Distributed Denial of Service (DDoS) attacks are becoming increasingly more common and visible these days, as tactics of political protest, of businesses getting one over on each other and so on. The New York Times is reporting that a fight between two Dutch companies has created the single largest DDoS attack in the history of the internet.

The “internet fight” broke out between the two Dutch companies Spamhaus and Cyberbunker. The anti-spam group Spamhaus blacklisted Cyberbunker and consequently email providers begun to mark mail sent from Cyberbunker mail servers as spam. As you might expect Cyberbunker were not at all happy about this and responded by launching a DDoS attack on Spamhaus, this DDoS attack reached a huge 300Gbps in bandwidth.

The attack was configured by using vulnerable OpenDNS servers and unprotected routers to send spoofed lookup requests to Spamhaus DNS servers. The overall impact of the attack was a slowdown in the internet for everyone particularly those using high bandwidth streaming services like NetFlix, yet it could have been prevented if people and ISPs knew how to configure their routers properly to block unauthorised remote access and if OpenDNS servers opted for tighter security controls.

“Spamhaus has made plenty of enemies over the years.
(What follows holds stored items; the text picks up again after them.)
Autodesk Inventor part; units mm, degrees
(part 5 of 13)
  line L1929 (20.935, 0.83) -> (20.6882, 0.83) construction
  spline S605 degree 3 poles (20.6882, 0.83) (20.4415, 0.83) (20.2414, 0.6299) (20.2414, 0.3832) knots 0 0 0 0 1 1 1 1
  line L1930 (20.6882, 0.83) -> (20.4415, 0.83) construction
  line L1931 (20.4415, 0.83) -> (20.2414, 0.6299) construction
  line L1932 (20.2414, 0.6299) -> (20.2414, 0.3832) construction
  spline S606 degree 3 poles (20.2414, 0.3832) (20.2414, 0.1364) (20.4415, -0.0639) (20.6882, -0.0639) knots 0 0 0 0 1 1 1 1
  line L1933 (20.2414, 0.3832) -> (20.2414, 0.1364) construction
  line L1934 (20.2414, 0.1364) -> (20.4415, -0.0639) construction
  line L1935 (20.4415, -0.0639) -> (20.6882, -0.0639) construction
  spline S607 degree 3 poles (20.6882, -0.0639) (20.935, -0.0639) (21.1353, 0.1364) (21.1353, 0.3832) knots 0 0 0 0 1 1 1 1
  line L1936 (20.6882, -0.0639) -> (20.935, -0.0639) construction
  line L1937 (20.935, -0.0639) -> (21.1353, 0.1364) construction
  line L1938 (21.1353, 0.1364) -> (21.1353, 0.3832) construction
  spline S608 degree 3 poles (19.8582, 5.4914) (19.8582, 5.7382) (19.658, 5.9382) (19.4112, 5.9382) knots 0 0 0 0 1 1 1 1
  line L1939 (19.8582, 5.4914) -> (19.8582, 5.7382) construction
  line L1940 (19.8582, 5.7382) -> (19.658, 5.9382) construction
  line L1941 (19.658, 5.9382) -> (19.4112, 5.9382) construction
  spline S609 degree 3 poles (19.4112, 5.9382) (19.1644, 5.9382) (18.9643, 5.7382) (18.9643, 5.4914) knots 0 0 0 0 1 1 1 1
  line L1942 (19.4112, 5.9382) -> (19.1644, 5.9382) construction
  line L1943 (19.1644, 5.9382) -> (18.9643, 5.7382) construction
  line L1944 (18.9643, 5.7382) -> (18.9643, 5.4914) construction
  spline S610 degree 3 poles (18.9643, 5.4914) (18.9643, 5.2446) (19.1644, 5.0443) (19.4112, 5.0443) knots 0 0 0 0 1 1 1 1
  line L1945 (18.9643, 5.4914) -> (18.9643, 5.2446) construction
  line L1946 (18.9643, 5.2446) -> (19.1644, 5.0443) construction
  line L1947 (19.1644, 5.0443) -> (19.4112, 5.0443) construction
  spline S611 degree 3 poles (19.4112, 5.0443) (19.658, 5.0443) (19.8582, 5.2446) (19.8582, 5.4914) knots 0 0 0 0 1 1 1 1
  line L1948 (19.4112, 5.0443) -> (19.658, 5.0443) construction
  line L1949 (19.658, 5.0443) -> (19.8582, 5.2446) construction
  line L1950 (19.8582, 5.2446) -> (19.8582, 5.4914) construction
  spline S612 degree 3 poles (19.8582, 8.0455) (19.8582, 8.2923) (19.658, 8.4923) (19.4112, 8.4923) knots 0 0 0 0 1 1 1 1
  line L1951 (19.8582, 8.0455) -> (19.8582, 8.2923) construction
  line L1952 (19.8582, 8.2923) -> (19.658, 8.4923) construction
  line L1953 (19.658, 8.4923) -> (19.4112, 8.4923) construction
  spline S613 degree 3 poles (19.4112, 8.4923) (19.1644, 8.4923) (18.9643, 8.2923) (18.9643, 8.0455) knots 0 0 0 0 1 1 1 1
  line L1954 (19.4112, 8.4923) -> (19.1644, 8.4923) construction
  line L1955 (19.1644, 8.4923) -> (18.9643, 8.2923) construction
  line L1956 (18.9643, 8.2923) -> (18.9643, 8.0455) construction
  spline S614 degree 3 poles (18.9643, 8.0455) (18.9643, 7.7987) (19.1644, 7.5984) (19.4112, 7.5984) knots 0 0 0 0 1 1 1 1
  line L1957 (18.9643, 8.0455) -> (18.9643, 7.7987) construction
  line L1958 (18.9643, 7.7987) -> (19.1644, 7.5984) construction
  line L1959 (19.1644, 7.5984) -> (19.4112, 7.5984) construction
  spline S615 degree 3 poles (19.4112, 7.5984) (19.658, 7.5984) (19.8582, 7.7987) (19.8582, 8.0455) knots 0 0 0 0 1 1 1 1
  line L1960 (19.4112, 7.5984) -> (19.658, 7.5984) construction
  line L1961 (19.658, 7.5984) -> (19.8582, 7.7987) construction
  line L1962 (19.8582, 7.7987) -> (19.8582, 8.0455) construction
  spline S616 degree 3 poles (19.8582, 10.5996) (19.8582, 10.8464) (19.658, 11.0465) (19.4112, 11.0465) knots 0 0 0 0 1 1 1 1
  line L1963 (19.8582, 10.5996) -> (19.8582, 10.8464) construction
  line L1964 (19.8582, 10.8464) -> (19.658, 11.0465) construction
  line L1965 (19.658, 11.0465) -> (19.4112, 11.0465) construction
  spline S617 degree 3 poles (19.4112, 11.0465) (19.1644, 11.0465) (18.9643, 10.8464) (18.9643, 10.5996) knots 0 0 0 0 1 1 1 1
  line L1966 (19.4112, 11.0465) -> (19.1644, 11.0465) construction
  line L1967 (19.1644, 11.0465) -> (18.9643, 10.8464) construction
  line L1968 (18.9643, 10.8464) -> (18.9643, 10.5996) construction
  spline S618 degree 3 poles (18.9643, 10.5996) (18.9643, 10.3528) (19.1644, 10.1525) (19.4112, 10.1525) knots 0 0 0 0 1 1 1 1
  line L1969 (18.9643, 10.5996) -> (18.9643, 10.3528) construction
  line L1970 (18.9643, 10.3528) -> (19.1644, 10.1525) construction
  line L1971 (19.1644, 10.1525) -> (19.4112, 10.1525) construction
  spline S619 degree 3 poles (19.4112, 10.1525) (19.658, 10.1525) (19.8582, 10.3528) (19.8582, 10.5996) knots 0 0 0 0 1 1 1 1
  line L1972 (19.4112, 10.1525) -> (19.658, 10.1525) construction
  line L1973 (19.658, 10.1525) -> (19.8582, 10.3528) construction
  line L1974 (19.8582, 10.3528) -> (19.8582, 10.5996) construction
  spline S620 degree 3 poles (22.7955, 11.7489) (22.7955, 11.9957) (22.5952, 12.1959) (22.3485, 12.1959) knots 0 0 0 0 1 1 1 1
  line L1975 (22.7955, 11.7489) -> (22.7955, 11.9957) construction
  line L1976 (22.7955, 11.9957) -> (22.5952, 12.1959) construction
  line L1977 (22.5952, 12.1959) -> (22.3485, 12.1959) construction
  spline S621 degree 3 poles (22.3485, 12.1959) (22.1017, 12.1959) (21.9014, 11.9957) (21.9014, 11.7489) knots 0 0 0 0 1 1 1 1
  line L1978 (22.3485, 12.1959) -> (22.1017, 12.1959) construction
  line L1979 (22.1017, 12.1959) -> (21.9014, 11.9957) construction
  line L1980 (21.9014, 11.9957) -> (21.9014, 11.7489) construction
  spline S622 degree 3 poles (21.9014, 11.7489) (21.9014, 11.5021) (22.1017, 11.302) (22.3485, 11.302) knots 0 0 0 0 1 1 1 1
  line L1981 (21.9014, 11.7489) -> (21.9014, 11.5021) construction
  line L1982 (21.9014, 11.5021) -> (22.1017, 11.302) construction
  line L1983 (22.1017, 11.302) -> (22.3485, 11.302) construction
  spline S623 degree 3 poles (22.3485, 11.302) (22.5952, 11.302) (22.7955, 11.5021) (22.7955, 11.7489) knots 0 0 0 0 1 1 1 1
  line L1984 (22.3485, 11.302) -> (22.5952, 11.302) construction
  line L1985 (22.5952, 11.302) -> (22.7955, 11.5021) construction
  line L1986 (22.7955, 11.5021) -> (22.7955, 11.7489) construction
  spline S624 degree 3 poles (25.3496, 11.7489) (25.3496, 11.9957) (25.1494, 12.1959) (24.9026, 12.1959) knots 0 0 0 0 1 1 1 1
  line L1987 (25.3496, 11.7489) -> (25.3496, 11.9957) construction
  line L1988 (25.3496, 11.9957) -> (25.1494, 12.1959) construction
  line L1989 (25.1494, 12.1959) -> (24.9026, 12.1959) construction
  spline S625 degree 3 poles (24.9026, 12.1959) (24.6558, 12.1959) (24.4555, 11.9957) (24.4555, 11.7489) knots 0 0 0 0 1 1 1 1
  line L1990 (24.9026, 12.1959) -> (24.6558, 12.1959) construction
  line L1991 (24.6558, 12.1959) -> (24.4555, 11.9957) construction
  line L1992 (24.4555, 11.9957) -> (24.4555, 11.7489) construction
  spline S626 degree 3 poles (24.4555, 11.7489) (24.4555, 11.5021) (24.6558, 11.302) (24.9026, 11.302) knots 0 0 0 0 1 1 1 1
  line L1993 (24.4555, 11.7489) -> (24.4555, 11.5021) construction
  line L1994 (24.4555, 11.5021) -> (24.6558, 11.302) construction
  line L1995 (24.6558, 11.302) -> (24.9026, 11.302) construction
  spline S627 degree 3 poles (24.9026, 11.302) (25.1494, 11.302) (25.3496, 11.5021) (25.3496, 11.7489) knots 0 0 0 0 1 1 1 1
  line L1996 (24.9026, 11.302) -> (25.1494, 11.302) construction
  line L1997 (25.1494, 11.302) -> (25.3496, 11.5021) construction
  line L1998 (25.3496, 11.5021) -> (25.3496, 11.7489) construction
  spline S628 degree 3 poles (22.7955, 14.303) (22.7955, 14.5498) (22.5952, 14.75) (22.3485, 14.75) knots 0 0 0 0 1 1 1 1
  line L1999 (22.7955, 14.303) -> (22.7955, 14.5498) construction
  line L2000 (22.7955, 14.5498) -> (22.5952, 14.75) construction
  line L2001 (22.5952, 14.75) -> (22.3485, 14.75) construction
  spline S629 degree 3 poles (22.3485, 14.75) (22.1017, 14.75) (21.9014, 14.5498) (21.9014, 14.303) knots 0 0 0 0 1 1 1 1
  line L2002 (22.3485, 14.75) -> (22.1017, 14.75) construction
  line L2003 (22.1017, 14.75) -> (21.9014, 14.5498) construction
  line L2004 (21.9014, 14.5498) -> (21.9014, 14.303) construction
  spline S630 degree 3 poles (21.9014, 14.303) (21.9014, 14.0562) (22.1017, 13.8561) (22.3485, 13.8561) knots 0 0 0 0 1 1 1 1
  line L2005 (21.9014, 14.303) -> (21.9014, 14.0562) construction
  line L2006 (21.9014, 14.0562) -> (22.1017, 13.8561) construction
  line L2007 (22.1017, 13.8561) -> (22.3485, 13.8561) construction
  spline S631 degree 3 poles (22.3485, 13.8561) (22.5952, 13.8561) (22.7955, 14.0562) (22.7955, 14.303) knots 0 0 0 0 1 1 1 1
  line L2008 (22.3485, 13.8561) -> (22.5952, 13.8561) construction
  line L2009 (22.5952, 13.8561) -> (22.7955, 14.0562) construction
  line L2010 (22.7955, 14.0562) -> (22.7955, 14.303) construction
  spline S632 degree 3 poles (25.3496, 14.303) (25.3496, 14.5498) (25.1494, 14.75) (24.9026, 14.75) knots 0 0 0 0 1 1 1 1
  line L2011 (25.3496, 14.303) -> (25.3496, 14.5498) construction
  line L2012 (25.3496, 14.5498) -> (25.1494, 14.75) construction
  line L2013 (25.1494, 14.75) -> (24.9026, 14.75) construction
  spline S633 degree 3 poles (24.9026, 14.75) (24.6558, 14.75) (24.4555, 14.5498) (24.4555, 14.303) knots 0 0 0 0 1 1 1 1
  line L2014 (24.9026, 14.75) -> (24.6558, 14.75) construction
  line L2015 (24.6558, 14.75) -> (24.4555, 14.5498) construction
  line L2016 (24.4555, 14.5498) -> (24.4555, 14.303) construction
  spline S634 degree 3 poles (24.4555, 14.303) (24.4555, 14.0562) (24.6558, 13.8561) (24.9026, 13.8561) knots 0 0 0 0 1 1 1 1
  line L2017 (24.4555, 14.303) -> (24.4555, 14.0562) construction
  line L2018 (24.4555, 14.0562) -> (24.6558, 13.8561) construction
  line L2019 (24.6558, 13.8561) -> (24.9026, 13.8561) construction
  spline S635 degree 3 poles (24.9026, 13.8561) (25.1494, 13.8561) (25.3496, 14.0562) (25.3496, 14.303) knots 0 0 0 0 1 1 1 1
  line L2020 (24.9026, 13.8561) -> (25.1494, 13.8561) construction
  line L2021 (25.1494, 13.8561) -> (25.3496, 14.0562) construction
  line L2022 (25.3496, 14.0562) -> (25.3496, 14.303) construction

Spammers aren’t always the most lovable of individuals, and Spamhaus has been threatened, sued and [attacked] regularly,” noted Matthew Prince of Cloudflare, a hosting company that helped the London business survive the attack by diverting the traffic.

The attack was believed to have been arranged by Cyberbunker and a number of Eastern European gangs who enlisted hackers to create this large network of computers for the attack. Cyberbunker offers hosting for any content as long as it is not child pornography or linked to terrorism so as you can imagine a lot of the content they host is probably related to spam because this is not against their policies.